The key detail: use the DPI of your own render. If you rasterised the page yourself (e.g. with pdf2image at dpi=D), then image_width = pdf_width * D / 72, so the per-axis scale back to PDF points is 72 / Dnot Camelot’s internal 300 dpi.

import camelot

# Box from an image-based detector: (left, top, right, bottom) in
# pixels, origin top-left, on a page you rendered at `dpi`.
x0_img, y0_img, x1_img, y1_img = detected_box
dpi = 200  # whatever you passed to pdf2image / your renderer

# image px -> PDF points
s = 72.0 / dpi
pdf_w_x0, pdf_w_x1 = x0_img * s, x1_img * s
# flip y: image top-left origin -> PDF bottom-left origin.
# page height in points = image_height_px * 72 / dpi
page_h_pts = image_height_px * s
pdf_top = page_h_pts - y0_img * s        # image top  -> larger PDF y
pdf_bottom = page_h_pts - y1_img * s     # image bot  -> smaller PDF y

# table_areas wants "x1,y1,x2,y2" = top-left, bottom-right (PDF space)
area = f"{pdf_w_x0},{pdf_top},{pdf_w_x1},{pdf_bottom}"
tables = camelot.read_pdf("doc.pdf", flavor="lattice", table_areas=[area])

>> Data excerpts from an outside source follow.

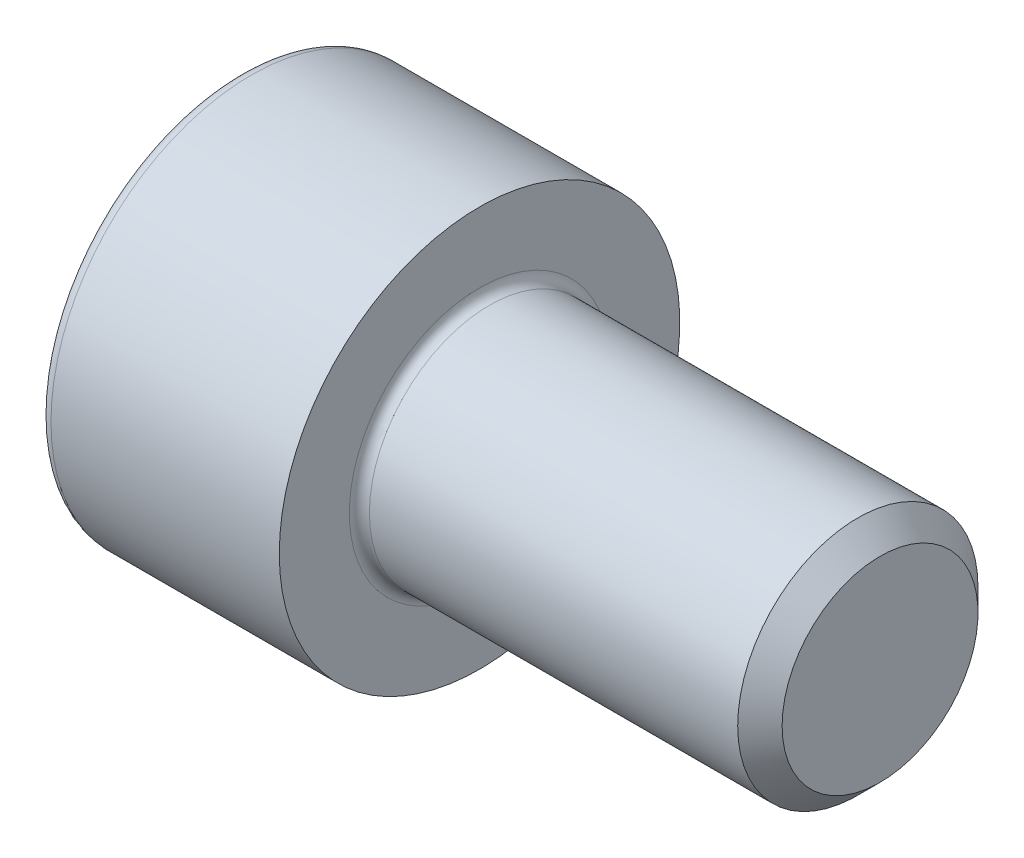
ISO-10303-21;
HEADER;
FILE_DESCRIPTION(('STEP AP214'),'2;1');
FILE_NAME('part.step','',(''),(''),'','','');
FILE_SCHEMA(('AUTOMOTIVE_DESIGN { 1 0 10303 214 1 1 1 1 }'));
ENDSEC;
DATA;
#1=APPLICATION_CONTEXT('core data for automotive mechanical design processes');
#2=APPLICATION_PROTOCOL_DEFINITION('international standard','automotive_design',2000,#1);
#3=PRODUCT_CONTEXT('',#1,'mechanical');
#4=PRODUCT('Part','Part','',(#3));
#5=PRODUCT_RELATED_PRODUCT_CATEGORY('part','',(#4));
#6=PRODUCT_DEFINITION_FORMATION('','',#4);
#7=PRODUCT_DEFINITION_CONTEXT('part definition',#1,'design');
#8=PRODUCT_DEFINITION('design','',#6,#7);
#9=PRODUCT_DEFINITION_SHAPE('','',#8);
#10=(LENGTH_UNIT() NAMED_UNIT(*) SI_UNIT(.MILLI.,.METRE.));
#11=(NAMED_UNIT(*) PLANE_ANGLE_UNIT() SI_UNIT($,.RADIAN.));
#12=(NAMED_UNIT(*) SI_UNIT($,.STERADIAN.) SOLID_ANGLE_UNIT());
#13=UNCERTAINTY_MEASURE_WITH_UNIT(LENGTH_MEASURE(1.E-05),#10,'distance_accuracy_value','');
#14=(GEOMETRIC_REPRESENTATION_CONTEXT(3) GLOBAL_UNCERTAINTY_ASSIGNED_CONTEXT((#13)) GLOBAL_UNIT_ASSIGNED_CONTEXT((#10,
#11,#12)) REPRESENTATION_CONTEXT('',''));
#15=CARTESIAN_POINT('',(0.,0.,0.));
#16=DIRECTION('',(0.,0.,1.));
#17=DIRECTION('',(1.,0.,0.));
#18=AXIS2_PLACEMENT_3D('',#15,#16,#17);
#19=CARTESIAN_POINT('',(0.,0.,0.));
#20=DIRECTION('',(-1.,0.,0.));
#21=DIRECTION('',(0.,0.,1.));
#22=AXIS2_PLACEMENT_3D('',#19,#20,#21);
#23=PLANE('',#22);
#24=DIRECTION('',(0.,-0.5,0.866025403784441));
#25=VECTOR('',#24,1.);
#26=CARTESIAN_POINT('',(0.,2.93524876856011,0.));
#27=LINE('',#26,#25);
#28=CARTESIAN_POINT('',(0.,2.93524876856011,0.));
#29=VERTEX_POINT('',#28);
#30=CARTESIAN_POINT('',(0.,1.46762438428005,2.54200000000002));
#31=VERTEX_POINT('',#30);
#32=EDGE_CURVE('E260',#29,#31,#27,.T.);
#33=ORIENTED_EDGE('',*,*,#32,.T.);
#34=DIRECTION('',(0.,1.,0.));
#35=VECTOR('',#34,1.);
#36=CARTESIAN_POINT('',(0.,-1.46762438428005,2.54200000000002));
#37=LINE('',#36,#35);
#38=CARTESIAN_POINT('',(0.,-1.46762438428005,2.54200000000002));
#39=VERTEX_POINT('',#38);
#40=EDGE_CURVE('E132',#39,#31,#37,.T.);
#41=ORIENTED_EDGE('',*,*,#40,.F.);
#42=DIRECTION('',(0.,-0.500000000000001,-0.86602540378444));
#43=VECTOR('',#42,1.);
#44=CARTESIAN_POINT('',(0.,-1.46762438428005,2.54200000000002));
#45=LINE('',#44,#43);
#46=CARTESIAN_POINT('',(0.,-2.93524876856011,0.));
#47=VERTEX_POINT('',#46);
#48=EDGE_CURVE('E263',#39,#47,#45,.T.);
#49=ORIENTED_EDGE('',*,*,#48,.T.);
#50=DIRECTION('',(0.,0.499999999999999,-0.866025403784441));
#51=VECTOR('',#50,1.);
#52=CARTESIAN_POINT('',(0.,-2.93524876856011,0.));
#53=LINE('',#52,#51);
#54=CARTESIAN_POINT('',(0.,-1.46762438428005,-2.54200000000002));
#55=VERTEX_POINT('',#54);
#56=EDGE_CURVE('E266',#47,#55,#53,.T.);
#57=ORIENTED_EDGE('',*,*,#56,.T.);
#58=DIRECTION('',(0.,-1.,0.));
#59=VECTOR('',#58,1.);
#60=CARTESIAN_POINT('',(0.,1.46762438428005,-2.54200000000002));
#61=LINE('',#60,#59);
#62=CARTESIAN_POINT('',(0.,1.46762438428005,-2.54200000000002));
#63=VERTEX_POINT('',#62);
#64=EDGE_CURVE('E269',#63,#55,#61,.T.);
#65=ORIENTED_EDGE('',*,*,#64,.F.);
#66=DIRECTION('',(0.,-0.500000000000001,-0.86602540378444));
#67=VECTOR('',#66,1.);
#68=CARTESIAN_POINT('',(0.,2.93524876856011,0.));
#69=LINE('',#68,#67);
#70=EDGE_CURVE('E127',#29,#63,#69,.T.);
#71=ORIENTED_EDGE('',*,*,#70,.F.);
#72=EDGE_LOOP('',(#33,#41,#49,#57,#65,#71));
#73=FACE_BOUND('',#72,.T.);
#74=CARTESIAN_POINT('',(0.,0.,0.));
#75=DIRECTION('',(-1.,0.,0.));
#76=DIRECTION('',(0.,0.,1.));
#77=AXIS2_PLACEMENT_3D('',#74,#75,#76);
#78=CIRCLE('',#77,4.7);
#79=CARTESIAN_POINT('',(0.,0.,4.70000000000001));
#80=VERTEX_POINT('',#79);
#81=EDGE_CURVE('E44',#80,#80,#78,.T.);
#82=ORIENTED_EDGE('',*,*,#81,.T.);
#83=EDGE_LOOP('',(#82));
#84=FACE_BOUND('',#83,.T.);
#85=ADVANCED_FACE('F36',(#73,#84),#23,.T.);
#86=CARTESIAN_POINT('',(-31.75,0.,0.));
#87=DIRECTION('',(-1.,0.,0.));
#88=DIRECTION('',(0.,0.,1.));
#89=AXIS2_PLACEMENT_3D('',#86,#87,#88);
#90=CYLINDRICAL_SURFACE('',#89,5.);
#91=CARTESIAN_POINT('',(0.300000000000002,0.,0.));
#92=DIRECTION('',(-1.,0.,0.));
#93=DIRECTION('',(0.,0.,1.));
#94=AXIS2_PLACEMENT_3D('',#91,#92,#93);
#95=CIRCLE('',#94,5.);
#96=CARTESIAN_POINT('',(0.300000000000002,0.,5.00000000000001));
#97=VERTEX_POINT('',#96);
#98=EDGE_CURVE('E11',#97,#97,#95,.F.);
#99=ORIENTED_EDGE('',*,*,#98,.T.);
#100=EDGE_LOOP('',(#99));
#101=FACE_BOUND('',#100,.T.);
#102=CARTESIAN_POINT('',(6.,0.,0.));
#103=DIRECTION('',(-1.,0.,0.));
#104=DIRECTION('',(0.,0.,1.));
#105=AXIS2_PLACEMENT_3D('',#102,#103,#104);
#106=CIRCLE('',#105,5.);
#107=CARTESIAN_POINT('',(6.,0.,5.00000000000001));
#108=VERTEX_POINT('',#107);
#109=EDGE_CURVE('E150',#108,#108,#106,.T.);
#110=ORIENTED_EDGE('',*,*,#109,.T.);
#111=EDGE_LOOP('',(#110));
#112=FACE_BOUND('',#111,.T.);
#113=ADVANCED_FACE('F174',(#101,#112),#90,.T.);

If your detector ran on an image Camelot itself produced (rather than your own pdf2image render), use table.pdf_size and the rendered image size to get the scale, exactly as in the previous answer but inverted.

I get AttributeError: module 'camelot' has no attribute 'read_pdf'#

This almost always means the wrong package is installed. There is an unrelated project on PyPI also called camelot (a configuration library); pip install camelot installs that, not this table- extraction library. Uninstall it and install camelot-py:

$ pip uninstall camelot camelot-py
$ pip install "camelot-py[base]"

The import name is still camelot (import camelot) — only the install name differs (camelot-py).

If the right package is installed and you still hit this, check that you don’t have a local file named camelot.py (or a camelot/ folder) in your working directory shadowing the installed package — rename it and try again.